▶ [Exercise objective] The copy you return should hold only the lines from the top of the data below through the line with "0) x (-1, 0, 0)", each duplicated exactly and with no pictures.

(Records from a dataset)
-.-.-

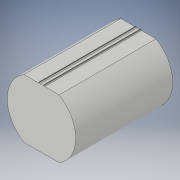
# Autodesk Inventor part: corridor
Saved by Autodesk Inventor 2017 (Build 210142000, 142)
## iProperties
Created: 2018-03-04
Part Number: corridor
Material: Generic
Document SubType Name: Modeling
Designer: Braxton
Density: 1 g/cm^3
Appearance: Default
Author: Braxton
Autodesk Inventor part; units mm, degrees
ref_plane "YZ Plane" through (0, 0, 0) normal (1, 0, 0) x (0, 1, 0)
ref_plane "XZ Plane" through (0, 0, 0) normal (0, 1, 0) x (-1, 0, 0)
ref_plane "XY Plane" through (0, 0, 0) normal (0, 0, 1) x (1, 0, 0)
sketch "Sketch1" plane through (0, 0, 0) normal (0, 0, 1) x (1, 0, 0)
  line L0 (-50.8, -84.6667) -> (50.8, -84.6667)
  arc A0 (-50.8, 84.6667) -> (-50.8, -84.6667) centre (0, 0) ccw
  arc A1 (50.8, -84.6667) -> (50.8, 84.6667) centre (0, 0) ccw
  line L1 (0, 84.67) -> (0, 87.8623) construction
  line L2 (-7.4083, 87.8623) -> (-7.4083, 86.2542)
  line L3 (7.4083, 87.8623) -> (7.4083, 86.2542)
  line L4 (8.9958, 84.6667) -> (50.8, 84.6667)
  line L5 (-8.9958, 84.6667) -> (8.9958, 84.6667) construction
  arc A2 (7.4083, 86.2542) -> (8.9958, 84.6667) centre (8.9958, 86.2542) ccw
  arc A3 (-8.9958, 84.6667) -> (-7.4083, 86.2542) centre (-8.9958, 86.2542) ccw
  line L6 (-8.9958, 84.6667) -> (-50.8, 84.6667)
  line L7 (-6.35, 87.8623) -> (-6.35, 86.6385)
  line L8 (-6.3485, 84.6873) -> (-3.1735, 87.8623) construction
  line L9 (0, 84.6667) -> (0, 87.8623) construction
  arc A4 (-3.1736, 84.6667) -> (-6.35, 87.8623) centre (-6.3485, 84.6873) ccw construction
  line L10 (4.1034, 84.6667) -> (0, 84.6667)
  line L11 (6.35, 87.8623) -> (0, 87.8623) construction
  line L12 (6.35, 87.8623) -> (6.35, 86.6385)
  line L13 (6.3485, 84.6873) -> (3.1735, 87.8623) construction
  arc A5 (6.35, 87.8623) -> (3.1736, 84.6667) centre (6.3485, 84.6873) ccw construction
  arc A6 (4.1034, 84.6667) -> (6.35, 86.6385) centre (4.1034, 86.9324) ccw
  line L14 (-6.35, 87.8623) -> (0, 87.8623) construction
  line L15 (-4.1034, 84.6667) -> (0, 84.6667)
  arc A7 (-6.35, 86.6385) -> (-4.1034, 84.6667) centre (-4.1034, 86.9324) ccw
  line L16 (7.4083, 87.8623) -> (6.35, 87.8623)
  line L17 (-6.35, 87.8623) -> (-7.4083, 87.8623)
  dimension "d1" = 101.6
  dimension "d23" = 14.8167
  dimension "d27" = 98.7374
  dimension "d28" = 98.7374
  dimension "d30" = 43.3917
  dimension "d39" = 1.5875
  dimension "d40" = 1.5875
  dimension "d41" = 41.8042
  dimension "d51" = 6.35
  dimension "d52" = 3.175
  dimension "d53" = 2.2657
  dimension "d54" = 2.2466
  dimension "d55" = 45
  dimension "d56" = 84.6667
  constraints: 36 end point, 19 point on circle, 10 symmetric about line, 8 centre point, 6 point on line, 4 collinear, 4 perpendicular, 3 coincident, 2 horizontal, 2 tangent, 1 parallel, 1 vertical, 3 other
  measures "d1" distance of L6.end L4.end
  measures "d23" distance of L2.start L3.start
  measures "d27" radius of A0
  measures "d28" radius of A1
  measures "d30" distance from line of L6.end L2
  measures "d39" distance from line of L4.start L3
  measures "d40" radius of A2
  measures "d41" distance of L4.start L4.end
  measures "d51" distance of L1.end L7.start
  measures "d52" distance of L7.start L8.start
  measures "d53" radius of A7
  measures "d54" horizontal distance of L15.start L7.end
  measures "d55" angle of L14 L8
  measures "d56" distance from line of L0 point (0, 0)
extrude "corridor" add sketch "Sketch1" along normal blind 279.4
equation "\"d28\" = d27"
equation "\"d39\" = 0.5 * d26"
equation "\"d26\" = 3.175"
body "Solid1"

-.-.-

▶ [Solution for this problem]
# Autodesk Inventor part: corridor
Saved by Autodesk Inventor 2017 (Build 210142000, 142)
## iProperties
Created: 2018-03-04
Part Number: corridor
Material: Generic
Document SubType Name: Modeling
Designer: Braxton
Density: 1 g/cm^3
Appearance: Default
Author: Braxton
Autodesk Inventor part; units mm, degrees
ref_plane "YZ Plane" through (0, 0, 0) normal (1, 0, 0) x (0, 1, 0)
ref_plane "XZ Plane" through (0, 0, 0) normal (0, 1, 0) x (-1, 0, 0)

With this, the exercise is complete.